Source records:
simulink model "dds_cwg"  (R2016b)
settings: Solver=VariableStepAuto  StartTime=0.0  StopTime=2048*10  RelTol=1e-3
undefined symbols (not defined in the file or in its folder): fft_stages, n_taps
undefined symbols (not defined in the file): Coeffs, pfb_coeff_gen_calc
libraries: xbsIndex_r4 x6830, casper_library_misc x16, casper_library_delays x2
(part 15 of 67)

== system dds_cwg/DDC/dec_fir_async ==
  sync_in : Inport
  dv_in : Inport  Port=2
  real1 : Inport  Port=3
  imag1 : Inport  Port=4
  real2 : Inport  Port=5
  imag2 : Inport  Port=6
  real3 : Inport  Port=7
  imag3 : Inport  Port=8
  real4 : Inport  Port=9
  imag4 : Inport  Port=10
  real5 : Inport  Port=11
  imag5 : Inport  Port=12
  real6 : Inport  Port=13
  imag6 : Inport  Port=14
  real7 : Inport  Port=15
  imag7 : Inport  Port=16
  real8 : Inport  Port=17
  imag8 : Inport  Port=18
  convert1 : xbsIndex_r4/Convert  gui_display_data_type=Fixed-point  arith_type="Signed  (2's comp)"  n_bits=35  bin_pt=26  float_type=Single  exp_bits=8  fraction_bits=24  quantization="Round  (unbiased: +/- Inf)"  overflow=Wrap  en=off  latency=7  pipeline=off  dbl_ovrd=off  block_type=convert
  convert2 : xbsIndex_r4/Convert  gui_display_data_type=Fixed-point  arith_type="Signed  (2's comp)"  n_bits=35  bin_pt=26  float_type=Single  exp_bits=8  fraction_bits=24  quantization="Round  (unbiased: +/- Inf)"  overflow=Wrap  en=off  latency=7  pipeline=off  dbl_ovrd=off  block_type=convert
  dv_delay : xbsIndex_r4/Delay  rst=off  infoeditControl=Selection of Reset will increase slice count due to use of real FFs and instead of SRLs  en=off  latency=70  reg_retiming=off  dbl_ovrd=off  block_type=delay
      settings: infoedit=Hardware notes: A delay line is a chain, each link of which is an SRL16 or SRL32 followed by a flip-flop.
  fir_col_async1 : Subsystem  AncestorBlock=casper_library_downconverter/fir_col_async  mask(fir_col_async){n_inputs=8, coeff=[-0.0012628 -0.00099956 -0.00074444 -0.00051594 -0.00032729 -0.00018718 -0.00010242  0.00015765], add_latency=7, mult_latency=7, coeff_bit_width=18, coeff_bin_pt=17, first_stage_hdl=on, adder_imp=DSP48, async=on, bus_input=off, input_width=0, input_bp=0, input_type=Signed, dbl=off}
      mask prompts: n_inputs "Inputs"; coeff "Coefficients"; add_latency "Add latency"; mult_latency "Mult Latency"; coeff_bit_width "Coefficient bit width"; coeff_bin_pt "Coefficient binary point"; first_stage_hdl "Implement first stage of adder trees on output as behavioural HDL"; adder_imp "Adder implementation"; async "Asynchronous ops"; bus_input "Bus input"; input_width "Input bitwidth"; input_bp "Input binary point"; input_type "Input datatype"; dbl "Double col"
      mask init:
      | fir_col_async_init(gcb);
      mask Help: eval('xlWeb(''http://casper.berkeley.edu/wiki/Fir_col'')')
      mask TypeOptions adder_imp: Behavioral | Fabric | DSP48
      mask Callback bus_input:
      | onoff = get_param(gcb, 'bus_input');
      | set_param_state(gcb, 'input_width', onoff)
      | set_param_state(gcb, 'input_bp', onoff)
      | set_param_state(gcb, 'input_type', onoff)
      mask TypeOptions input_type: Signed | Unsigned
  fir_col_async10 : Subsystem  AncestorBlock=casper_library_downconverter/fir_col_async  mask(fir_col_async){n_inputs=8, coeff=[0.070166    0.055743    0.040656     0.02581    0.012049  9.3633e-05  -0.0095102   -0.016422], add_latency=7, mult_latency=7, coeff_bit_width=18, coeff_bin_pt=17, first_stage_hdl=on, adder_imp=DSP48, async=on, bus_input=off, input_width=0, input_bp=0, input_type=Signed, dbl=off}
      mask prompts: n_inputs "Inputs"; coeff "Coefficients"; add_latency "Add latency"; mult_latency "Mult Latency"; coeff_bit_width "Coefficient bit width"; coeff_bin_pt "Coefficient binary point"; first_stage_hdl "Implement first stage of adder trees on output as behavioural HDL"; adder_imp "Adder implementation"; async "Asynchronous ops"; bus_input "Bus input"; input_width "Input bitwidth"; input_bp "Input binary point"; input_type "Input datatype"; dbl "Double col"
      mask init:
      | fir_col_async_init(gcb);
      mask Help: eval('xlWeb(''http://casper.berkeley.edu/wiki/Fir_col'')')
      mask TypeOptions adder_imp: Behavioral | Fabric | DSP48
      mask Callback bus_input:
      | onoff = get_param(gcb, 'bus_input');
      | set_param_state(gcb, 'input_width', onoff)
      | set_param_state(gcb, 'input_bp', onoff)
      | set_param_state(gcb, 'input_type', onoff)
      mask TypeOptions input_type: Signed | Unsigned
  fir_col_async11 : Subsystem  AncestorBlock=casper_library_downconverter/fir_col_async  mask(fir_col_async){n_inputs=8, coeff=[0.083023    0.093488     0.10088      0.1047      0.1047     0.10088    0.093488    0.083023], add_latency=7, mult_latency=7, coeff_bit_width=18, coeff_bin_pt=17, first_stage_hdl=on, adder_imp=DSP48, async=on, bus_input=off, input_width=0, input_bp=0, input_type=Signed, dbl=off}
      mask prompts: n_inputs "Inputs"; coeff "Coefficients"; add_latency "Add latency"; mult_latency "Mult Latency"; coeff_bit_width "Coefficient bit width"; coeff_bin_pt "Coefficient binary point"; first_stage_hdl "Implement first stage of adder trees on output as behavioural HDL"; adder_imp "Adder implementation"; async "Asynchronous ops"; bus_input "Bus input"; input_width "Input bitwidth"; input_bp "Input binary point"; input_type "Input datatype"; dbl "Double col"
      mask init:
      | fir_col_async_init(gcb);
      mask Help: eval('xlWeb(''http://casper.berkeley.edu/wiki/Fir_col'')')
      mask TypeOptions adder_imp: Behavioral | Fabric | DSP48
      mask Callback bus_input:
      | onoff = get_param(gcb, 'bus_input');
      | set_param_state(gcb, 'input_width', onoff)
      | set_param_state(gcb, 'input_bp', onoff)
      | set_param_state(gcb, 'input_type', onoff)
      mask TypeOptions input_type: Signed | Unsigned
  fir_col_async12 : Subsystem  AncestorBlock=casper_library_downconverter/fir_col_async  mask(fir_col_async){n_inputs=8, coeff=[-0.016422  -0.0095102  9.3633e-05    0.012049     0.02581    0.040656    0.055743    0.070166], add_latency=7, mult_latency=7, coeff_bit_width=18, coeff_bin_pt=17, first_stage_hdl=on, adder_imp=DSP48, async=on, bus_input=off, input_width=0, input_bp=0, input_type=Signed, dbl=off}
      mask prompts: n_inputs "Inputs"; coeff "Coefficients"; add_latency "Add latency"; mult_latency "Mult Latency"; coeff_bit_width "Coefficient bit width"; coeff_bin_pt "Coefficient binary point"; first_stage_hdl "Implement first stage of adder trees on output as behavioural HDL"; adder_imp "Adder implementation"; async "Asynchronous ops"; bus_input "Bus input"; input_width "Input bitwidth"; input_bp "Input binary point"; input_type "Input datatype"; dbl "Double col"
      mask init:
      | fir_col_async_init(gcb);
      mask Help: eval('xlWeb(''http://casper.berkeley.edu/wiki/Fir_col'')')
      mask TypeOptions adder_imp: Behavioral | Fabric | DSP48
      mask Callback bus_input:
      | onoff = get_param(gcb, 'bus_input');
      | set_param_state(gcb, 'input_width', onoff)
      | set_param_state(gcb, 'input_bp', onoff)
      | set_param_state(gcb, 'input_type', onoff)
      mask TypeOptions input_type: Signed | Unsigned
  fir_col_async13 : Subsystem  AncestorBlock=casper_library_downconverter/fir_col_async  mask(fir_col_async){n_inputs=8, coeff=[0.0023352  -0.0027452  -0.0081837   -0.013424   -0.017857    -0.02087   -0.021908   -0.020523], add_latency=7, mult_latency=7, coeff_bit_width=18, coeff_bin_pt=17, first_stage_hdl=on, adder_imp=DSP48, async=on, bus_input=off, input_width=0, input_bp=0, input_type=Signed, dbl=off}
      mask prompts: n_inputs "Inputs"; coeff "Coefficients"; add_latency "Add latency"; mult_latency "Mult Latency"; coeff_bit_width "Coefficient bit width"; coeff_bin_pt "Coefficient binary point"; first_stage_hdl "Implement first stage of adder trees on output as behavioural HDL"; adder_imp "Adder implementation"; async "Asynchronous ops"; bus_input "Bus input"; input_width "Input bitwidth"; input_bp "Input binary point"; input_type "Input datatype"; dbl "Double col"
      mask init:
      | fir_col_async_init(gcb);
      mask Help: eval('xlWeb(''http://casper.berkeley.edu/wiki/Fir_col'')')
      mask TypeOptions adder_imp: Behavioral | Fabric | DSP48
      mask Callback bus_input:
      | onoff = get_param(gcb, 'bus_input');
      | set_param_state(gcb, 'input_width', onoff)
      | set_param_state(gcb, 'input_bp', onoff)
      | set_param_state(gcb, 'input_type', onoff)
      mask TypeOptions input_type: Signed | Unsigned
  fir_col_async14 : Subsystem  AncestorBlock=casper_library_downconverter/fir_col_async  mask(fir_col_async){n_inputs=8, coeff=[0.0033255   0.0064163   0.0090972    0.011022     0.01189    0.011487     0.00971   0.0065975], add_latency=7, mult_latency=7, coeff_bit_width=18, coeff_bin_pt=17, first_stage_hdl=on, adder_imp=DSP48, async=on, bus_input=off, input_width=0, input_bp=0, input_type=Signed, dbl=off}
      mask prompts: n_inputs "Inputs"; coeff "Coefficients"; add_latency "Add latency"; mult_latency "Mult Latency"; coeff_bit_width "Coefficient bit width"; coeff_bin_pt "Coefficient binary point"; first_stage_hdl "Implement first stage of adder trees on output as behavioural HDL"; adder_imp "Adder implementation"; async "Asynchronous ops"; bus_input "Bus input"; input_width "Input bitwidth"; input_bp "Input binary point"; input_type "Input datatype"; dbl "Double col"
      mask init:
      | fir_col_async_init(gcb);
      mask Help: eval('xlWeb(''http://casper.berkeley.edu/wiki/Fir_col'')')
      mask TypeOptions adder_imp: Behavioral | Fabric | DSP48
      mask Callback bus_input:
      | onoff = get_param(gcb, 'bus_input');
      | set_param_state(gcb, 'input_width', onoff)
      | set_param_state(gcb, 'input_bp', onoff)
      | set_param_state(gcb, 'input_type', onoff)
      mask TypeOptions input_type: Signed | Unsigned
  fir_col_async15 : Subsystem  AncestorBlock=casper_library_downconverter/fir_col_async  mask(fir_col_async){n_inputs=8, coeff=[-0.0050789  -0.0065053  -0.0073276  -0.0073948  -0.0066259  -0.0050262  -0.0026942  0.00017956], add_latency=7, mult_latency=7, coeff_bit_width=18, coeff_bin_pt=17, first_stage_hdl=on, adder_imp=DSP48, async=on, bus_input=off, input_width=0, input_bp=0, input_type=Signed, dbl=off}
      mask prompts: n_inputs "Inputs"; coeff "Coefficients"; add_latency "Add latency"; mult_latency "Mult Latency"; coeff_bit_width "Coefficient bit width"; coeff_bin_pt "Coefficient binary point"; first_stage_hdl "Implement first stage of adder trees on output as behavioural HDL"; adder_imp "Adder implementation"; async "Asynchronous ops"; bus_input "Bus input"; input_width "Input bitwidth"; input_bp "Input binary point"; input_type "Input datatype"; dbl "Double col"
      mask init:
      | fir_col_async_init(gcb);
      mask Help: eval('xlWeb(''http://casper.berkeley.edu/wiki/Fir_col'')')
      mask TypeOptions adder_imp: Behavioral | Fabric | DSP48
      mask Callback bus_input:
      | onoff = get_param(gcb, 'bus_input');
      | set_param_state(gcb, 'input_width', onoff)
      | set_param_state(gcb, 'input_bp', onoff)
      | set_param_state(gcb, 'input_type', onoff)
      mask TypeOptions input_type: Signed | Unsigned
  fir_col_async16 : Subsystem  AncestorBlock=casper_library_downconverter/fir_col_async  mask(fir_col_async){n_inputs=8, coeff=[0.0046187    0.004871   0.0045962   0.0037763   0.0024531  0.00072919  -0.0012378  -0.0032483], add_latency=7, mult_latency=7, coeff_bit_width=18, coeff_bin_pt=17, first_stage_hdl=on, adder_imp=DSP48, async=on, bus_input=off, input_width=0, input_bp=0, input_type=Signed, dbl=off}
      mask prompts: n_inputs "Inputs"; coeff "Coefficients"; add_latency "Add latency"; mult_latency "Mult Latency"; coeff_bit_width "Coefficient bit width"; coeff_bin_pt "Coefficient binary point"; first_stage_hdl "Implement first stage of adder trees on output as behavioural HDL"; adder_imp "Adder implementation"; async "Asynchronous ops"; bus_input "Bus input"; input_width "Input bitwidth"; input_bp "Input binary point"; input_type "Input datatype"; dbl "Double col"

* Exercise description
Copy the lines of the data above exactly as written, beginning with the line containing "real2 : Inport" and ending with the line containing "imag8 : Inport", and leave out all other lines.

* Written solution
  real2 : Inport  Port=5
  imag2 : Inport  Port=6
  real3 : Inport  Port=7
  imag3 : Inport  Port=8
  real4 : Inport  Port=9
  imag4 : Inport  Port=10
  real5 : Inport  Port=11
  imag5 : Inport  Port=12
  real6 : Inport  Port=13
  imag6 : Inport  Port=14
  real7 : Inport  Port=15
  imag7 : Inport  Port=16
  real8 : Inport  Port=17
  imag8 : Inport  Port=18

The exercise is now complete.